**Work to be completed**
Retype the opening lines of the data exactly, stopping after the line that contains "0-2.8 1.4l-.1 2h-4.8z". Skip every picture.

####################

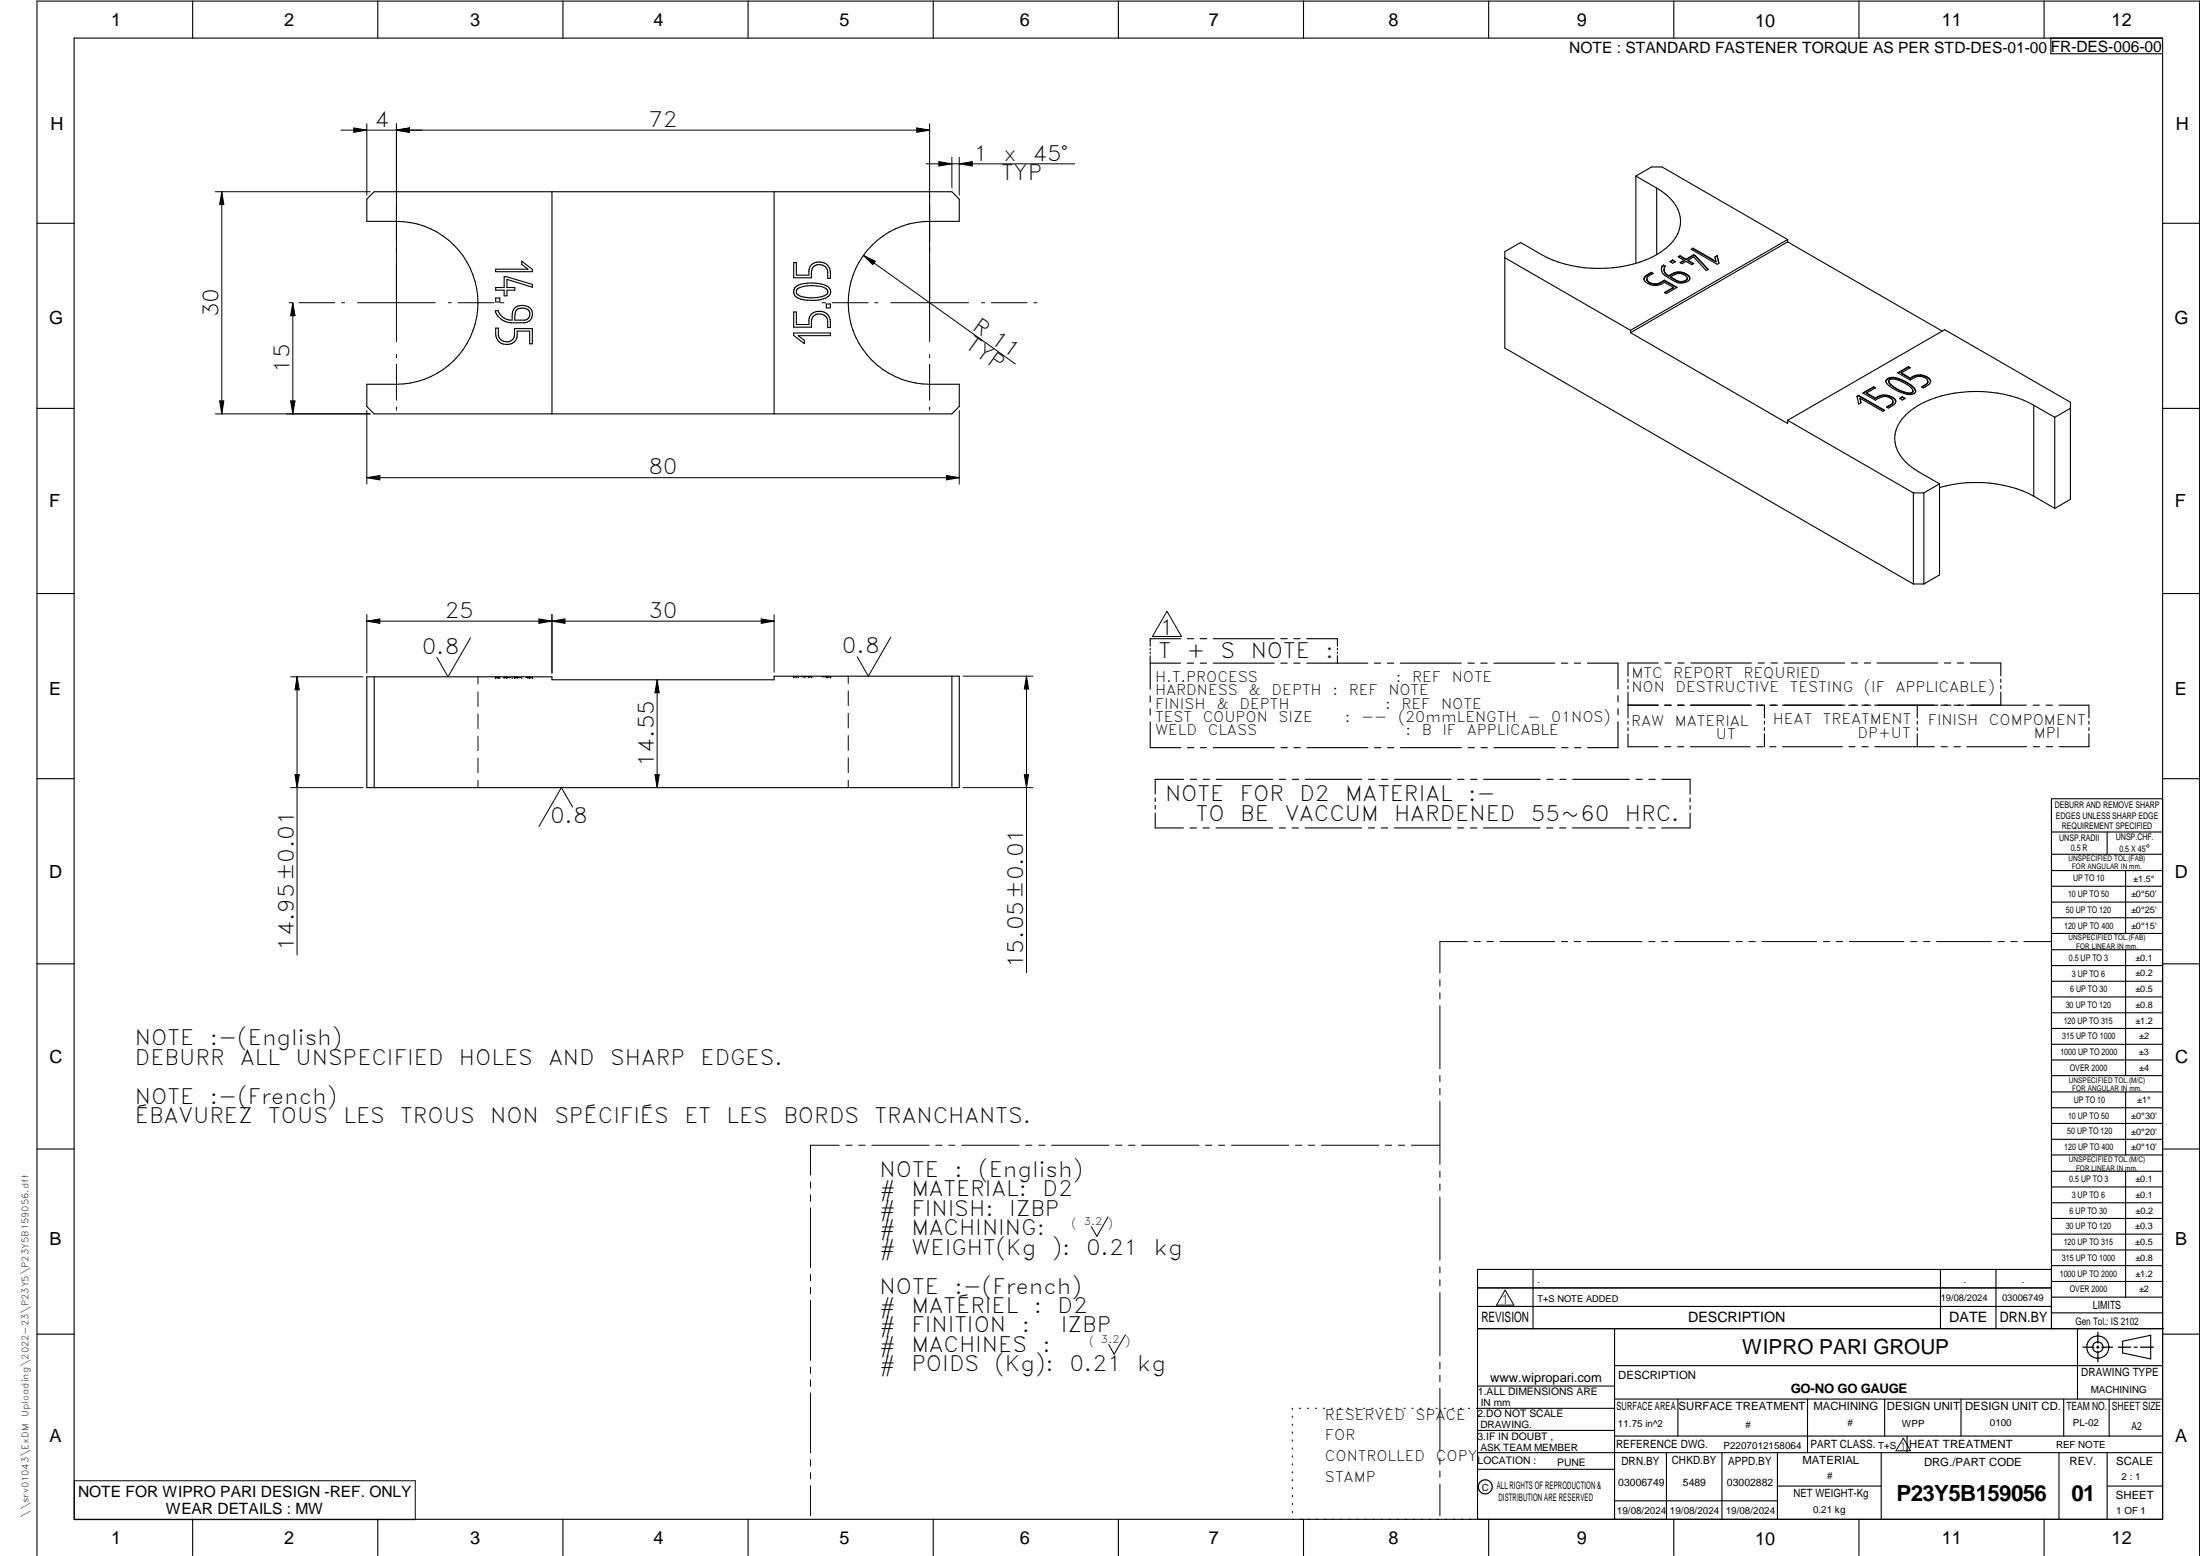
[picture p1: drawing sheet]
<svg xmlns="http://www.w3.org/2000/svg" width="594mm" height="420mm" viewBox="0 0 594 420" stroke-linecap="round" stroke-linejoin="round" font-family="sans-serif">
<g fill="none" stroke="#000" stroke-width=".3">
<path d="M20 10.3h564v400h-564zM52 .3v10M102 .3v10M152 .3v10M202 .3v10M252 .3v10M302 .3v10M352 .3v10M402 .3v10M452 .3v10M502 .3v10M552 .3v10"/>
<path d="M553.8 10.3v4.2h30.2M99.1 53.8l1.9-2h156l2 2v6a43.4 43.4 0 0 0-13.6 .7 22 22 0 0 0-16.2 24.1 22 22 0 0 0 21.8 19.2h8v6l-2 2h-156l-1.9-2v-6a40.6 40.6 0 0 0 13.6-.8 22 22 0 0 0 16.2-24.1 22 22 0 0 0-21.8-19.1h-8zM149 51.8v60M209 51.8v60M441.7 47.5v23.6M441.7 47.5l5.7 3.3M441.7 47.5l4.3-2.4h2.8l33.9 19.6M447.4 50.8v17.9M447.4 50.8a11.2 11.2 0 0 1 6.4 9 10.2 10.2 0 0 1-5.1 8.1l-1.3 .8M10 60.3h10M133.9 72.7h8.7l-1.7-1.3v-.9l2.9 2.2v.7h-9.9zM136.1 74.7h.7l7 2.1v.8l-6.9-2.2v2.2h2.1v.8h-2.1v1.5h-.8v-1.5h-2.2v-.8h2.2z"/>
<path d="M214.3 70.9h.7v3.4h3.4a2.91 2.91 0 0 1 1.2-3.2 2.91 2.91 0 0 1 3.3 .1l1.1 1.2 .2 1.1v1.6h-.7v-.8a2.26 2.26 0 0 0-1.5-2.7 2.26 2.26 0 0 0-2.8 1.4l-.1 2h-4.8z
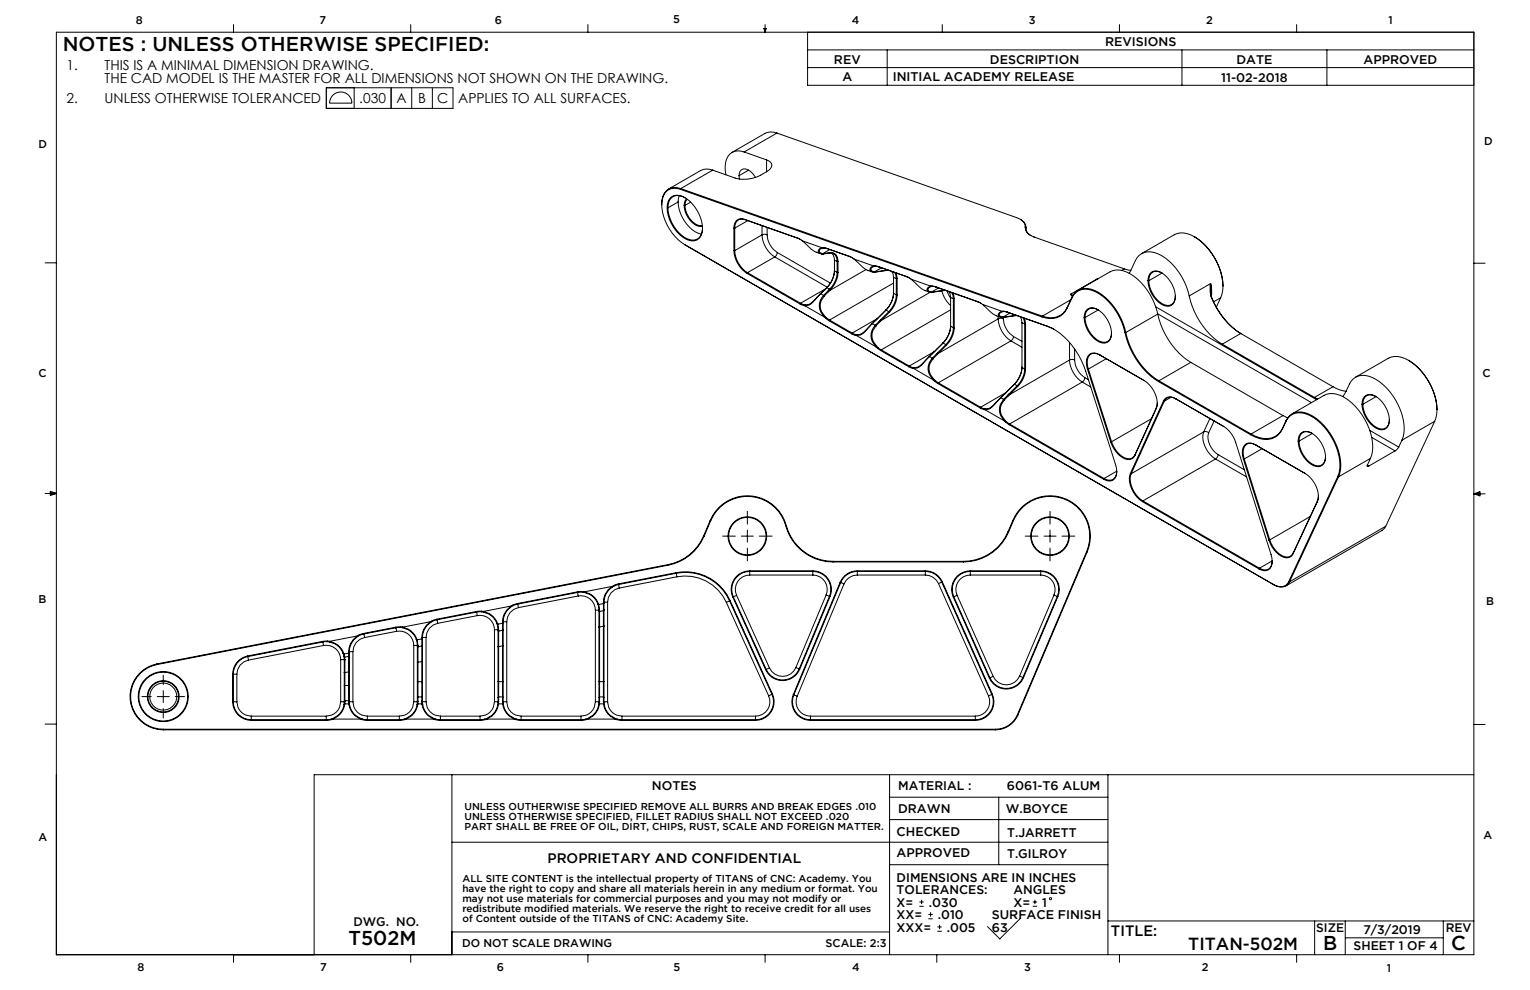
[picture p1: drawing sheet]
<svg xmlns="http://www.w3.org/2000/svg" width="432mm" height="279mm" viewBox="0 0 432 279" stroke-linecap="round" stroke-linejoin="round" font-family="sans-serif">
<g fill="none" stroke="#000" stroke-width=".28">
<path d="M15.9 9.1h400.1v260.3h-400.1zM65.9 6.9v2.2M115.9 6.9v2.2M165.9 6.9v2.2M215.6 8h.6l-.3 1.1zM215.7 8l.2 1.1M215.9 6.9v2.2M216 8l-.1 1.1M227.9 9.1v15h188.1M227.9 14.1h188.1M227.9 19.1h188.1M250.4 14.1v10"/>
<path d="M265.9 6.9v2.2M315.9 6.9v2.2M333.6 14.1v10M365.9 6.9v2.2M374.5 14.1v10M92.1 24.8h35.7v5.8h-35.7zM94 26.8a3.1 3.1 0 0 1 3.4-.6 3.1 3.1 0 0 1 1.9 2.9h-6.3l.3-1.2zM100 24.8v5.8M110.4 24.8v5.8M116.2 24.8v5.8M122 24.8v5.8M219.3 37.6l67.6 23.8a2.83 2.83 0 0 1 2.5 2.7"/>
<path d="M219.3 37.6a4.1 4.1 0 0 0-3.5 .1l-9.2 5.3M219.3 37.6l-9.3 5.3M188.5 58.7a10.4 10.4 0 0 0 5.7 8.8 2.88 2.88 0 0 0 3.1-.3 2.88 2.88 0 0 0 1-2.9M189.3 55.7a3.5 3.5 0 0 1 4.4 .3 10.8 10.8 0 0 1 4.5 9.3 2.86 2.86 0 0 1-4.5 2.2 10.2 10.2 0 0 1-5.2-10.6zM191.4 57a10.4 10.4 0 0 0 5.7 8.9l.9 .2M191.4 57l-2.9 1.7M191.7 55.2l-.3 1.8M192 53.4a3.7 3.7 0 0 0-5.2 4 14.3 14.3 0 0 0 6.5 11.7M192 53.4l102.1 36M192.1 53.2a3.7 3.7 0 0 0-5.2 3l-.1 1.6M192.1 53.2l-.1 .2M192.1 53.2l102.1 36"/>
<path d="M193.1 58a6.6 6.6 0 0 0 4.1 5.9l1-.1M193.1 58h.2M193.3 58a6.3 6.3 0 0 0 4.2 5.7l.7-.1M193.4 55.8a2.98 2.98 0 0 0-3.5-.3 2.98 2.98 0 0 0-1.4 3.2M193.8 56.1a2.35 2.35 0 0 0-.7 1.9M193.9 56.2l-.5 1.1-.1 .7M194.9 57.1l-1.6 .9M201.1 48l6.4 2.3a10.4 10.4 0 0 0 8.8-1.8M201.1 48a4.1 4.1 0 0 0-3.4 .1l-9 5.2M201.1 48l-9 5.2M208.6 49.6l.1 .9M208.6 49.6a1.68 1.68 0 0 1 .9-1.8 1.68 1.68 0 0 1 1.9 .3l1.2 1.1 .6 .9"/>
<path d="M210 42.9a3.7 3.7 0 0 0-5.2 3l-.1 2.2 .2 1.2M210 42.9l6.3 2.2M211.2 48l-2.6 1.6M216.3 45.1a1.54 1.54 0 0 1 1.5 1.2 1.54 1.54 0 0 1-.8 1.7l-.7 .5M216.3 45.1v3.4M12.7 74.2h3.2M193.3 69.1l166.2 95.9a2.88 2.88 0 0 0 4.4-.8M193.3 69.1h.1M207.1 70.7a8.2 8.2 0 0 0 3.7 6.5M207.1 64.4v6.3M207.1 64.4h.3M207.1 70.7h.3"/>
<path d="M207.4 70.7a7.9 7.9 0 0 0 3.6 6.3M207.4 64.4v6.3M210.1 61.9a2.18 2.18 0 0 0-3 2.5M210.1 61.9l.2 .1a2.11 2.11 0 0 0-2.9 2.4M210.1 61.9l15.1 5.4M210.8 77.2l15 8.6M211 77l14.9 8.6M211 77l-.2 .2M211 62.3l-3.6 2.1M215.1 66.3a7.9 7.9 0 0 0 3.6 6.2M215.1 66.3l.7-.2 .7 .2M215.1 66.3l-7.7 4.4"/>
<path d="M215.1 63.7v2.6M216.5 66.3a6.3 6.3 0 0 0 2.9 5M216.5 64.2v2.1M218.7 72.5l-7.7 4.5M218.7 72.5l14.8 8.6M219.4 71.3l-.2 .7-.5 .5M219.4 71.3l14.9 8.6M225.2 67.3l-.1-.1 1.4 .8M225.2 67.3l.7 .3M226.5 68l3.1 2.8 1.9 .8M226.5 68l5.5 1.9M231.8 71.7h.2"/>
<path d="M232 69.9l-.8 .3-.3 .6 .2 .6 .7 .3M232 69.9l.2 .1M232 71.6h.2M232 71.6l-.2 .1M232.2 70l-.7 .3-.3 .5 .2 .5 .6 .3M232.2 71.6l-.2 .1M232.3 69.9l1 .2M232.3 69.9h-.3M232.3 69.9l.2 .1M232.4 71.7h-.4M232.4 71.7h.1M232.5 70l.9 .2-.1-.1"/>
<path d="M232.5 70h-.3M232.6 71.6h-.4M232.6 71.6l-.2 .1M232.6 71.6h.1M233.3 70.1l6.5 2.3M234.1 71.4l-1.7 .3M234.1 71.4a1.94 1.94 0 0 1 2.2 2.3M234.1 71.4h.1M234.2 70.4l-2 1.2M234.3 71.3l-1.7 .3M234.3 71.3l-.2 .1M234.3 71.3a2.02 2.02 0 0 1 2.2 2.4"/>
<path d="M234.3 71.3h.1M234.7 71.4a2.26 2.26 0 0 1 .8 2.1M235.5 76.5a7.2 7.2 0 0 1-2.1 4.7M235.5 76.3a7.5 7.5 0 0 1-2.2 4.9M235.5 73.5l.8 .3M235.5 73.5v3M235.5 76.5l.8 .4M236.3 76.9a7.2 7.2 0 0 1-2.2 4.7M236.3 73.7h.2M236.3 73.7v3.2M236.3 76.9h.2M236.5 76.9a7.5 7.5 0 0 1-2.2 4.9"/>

####################

**Exercise response**
[picture p1: drawing sheet]
<svg xmlns="http://www.w3.org/2000/svg" width="594mm" height="420mm" viewBox="0 0 594 420" stroke-linecap="round" stroke-linejoin="round" font-family="sans-serif">
<g fill="none" stroke="#000" stroke-width=".3">
<path d="M20 10.3h564v400h-564zM52 .3v10M102 .3v10M152 .3v10M202 .3v10M252 .3v10M302 .3v10M352 .3v10M402 .3v10M452 .3v10M502 .3v10M552 .3v10"/>
<path d="M553.8 10.3v4.2h30.2M99.1 53.8l1.9-2h156l2 2v6a43.4 43.4 0 0 0-13.6 .7 22 22 0 0 0-16.2 24.1 22 22 0 0 0 21.8 19.2h8v6l-2 2h-156l-1.9-2v-6a40.6 40.6 0 0 0 13.6-.8 22 22 0 0 0 16.2-24.1 22 22 0 0 0-21.8-19.1h-8zM149 51.8v60M209 51.8v60M441.7 47.5v23.6M441.7 47.5l5.7 3.3M441.7 47.5l4.3-2.4h2.8l33.9 19.6M447.4 50.8v17.9M447.4 50.8a11.2 11.2 0 0 1 6.4 9 10.2 10.2 0 0 1-5.1 8.1l-1.3 .8M10 60.3h10M133.9 72.7h8.7l-1.7-1.3v-.9l2.9 2.2v.7h-9.9zM136.1 74.7h.7l7 2.1v.8l-6.9-2.2v2.2h2.1v.8h-2.1v1.5h-.8v-1.5h-2.2v-.8h2.2z"/>
<path d="M214.3 70.9h.7v3.4h3.4a2.91 2.91 0 0 1 1.2-3.2 2.91 2.91 0 0 1 3.3 .1l1.1 1.2 .2 1.1v1.6h-.7v-.8a2.26 2.26 0 0 0-1.5-2.7 2.26 2.26 0 0 0-2.8 1.4l-.1 2h-4.8z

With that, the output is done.